[Stored dataset items]
○ ○ ○ ○ ○ ○ ○
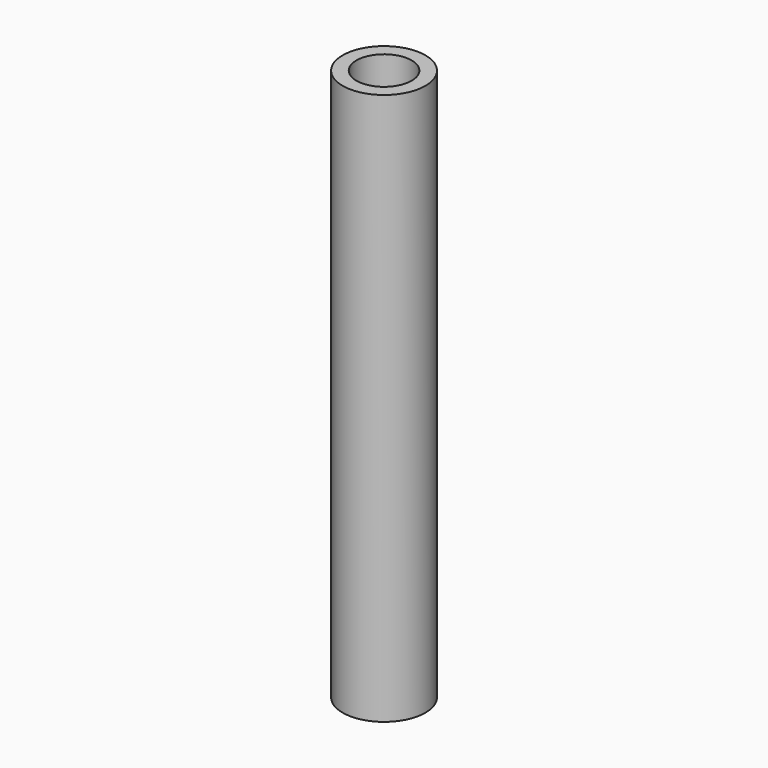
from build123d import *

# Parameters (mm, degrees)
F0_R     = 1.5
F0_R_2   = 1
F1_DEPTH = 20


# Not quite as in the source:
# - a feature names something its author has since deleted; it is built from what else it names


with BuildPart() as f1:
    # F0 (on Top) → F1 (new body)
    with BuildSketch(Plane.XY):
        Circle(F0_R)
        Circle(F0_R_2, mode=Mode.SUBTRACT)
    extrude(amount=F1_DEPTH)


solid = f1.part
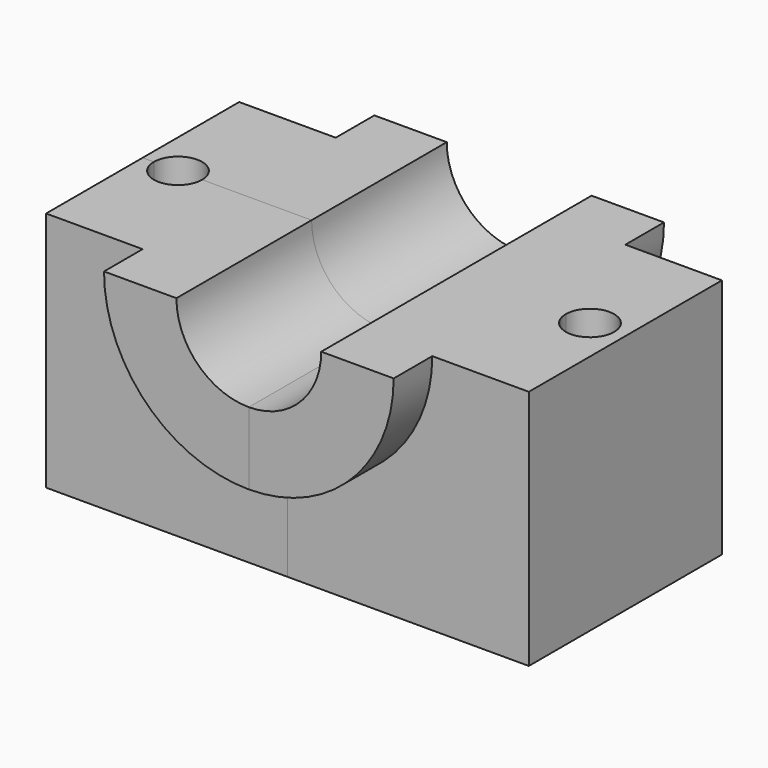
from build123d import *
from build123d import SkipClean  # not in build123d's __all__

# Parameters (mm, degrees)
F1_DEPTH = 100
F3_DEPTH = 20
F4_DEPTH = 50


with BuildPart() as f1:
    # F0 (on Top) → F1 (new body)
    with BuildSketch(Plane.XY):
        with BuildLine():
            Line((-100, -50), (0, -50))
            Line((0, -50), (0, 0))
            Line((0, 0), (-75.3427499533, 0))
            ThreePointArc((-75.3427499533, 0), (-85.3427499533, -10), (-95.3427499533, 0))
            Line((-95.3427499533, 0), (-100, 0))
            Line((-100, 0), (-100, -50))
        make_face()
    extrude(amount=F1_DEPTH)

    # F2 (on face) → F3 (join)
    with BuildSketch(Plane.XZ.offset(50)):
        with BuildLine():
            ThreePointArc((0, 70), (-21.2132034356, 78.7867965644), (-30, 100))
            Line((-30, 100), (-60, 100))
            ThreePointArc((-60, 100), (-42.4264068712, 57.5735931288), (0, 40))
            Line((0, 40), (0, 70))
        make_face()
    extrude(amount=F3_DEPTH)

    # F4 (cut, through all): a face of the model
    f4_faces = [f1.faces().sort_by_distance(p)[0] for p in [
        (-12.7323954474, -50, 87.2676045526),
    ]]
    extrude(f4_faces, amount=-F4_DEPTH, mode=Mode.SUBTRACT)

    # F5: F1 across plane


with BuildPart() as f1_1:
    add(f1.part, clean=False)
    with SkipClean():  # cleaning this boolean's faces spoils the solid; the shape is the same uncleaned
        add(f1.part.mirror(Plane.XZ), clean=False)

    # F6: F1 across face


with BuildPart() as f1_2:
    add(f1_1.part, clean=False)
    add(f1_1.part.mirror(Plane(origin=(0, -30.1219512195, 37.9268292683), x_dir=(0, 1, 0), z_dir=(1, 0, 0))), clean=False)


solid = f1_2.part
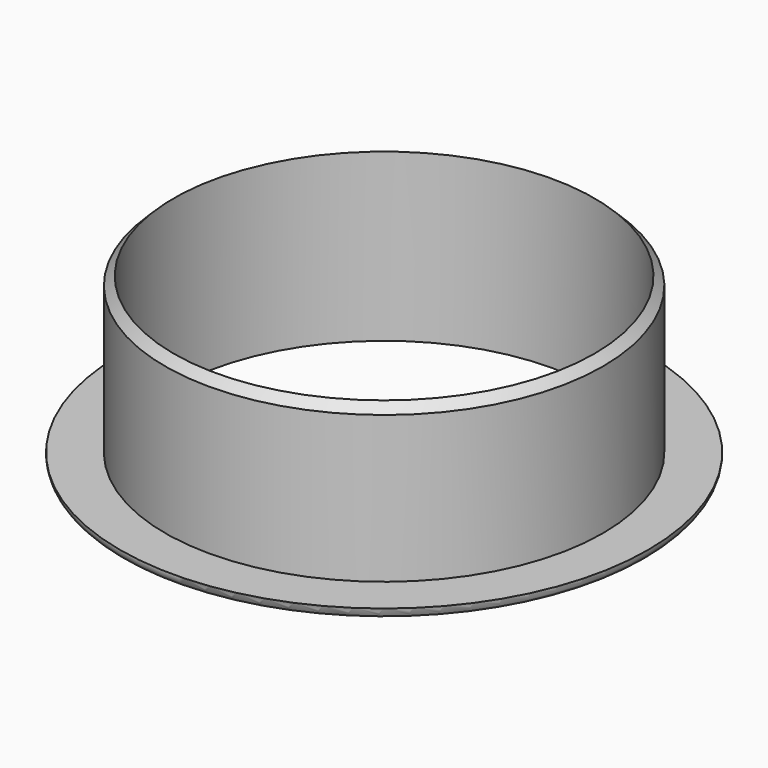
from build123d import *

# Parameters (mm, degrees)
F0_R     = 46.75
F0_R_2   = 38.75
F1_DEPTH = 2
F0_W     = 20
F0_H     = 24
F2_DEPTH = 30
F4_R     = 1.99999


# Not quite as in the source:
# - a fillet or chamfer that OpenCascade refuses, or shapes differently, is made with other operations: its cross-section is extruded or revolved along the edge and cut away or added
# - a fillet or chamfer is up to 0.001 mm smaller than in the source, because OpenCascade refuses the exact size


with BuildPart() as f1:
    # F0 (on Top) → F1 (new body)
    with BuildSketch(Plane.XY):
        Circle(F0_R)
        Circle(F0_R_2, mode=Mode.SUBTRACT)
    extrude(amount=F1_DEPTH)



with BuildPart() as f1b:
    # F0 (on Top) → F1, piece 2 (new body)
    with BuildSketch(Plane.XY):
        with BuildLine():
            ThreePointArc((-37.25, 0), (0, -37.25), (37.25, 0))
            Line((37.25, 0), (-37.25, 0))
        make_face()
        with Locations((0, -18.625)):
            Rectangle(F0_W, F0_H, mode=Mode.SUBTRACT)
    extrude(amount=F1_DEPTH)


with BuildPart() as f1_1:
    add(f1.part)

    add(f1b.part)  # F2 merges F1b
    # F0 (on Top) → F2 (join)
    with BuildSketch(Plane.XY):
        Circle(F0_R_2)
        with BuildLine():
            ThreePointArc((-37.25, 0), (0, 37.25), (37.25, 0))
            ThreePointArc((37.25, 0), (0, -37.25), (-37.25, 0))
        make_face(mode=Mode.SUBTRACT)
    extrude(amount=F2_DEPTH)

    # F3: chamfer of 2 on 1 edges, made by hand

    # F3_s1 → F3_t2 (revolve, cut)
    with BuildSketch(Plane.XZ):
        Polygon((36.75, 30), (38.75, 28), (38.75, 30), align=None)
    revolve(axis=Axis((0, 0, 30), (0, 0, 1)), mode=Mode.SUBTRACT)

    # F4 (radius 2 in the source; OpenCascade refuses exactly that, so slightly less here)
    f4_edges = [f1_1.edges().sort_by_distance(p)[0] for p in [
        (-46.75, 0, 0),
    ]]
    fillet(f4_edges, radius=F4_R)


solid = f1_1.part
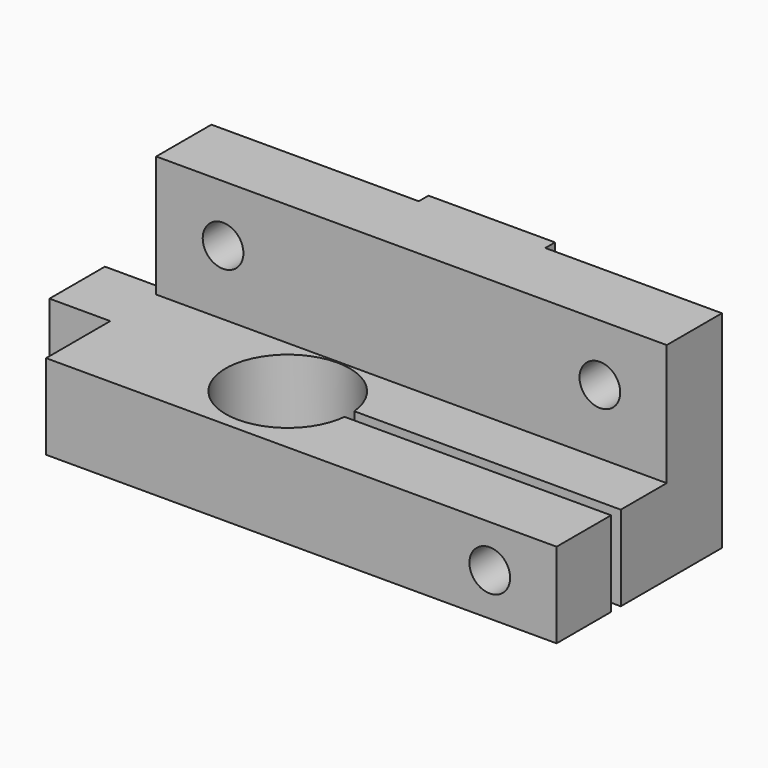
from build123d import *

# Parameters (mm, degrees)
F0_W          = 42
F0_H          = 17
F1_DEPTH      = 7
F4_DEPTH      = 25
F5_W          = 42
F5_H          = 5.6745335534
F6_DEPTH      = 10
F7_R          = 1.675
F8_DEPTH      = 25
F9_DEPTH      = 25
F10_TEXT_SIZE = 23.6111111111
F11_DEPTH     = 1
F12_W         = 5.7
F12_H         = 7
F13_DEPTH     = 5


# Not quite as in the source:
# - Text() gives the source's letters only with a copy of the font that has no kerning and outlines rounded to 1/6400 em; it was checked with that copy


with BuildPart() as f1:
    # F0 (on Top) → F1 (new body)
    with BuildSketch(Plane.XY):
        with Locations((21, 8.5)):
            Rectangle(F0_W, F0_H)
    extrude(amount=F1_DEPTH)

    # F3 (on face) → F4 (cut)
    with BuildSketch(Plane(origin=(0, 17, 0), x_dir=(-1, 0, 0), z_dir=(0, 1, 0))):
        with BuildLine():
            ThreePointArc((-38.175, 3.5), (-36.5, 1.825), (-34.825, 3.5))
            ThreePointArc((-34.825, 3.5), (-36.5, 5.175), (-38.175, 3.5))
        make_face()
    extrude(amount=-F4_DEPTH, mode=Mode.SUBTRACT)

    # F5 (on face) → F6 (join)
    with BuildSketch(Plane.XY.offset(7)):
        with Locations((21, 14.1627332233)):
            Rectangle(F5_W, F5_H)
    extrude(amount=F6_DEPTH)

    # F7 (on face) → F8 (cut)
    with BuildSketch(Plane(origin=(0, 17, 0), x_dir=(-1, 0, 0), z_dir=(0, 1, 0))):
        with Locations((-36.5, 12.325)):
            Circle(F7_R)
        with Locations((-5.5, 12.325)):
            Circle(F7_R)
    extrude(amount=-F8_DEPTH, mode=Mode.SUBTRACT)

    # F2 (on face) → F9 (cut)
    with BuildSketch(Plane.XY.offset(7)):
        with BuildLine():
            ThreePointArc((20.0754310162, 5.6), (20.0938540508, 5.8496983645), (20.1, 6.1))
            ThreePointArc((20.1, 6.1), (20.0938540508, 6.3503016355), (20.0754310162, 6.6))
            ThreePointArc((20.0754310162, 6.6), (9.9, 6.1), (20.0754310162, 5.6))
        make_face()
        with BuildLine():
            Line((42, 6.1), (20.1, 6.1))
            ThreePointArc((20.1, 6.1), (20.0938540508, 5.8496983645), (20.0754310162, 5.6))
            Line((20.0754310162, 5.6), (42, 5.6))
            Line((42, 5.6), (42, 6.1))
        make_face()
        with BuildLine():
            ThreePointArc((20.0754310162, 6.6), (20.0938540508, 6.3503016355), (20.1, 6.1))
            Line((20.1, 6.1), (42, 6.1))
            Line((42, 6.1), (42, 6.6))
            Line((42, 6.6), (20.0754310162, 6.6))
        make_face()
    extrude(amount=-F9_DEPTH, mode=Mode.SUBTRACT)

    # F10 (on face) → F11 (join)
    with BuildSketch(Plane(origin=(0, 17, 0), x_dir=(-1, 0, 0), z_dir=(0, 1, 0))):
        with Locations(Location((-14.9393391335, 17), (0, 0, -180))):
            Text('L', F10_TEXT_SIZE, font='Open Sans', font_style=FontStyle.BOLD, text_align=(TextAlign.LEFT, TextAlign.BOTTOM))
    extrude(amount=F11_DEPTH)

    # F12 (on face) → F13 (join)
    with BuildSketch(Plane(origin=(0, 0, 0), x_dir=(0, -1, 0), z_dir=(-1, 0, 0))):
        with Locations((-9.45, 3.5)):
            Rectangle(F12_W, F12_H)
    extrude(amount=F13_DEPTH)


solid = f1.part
○ ○ ○ ○ ○ ○ ○
Exercise brief: Where the string "radius" appears in a line of the entries above, return that line.

Output of the task:
    # F4 (radius 2 in the source; OpenCascade refuses exactly that, so slightly less here)
    fillet(f4_edges, radius=F4_R)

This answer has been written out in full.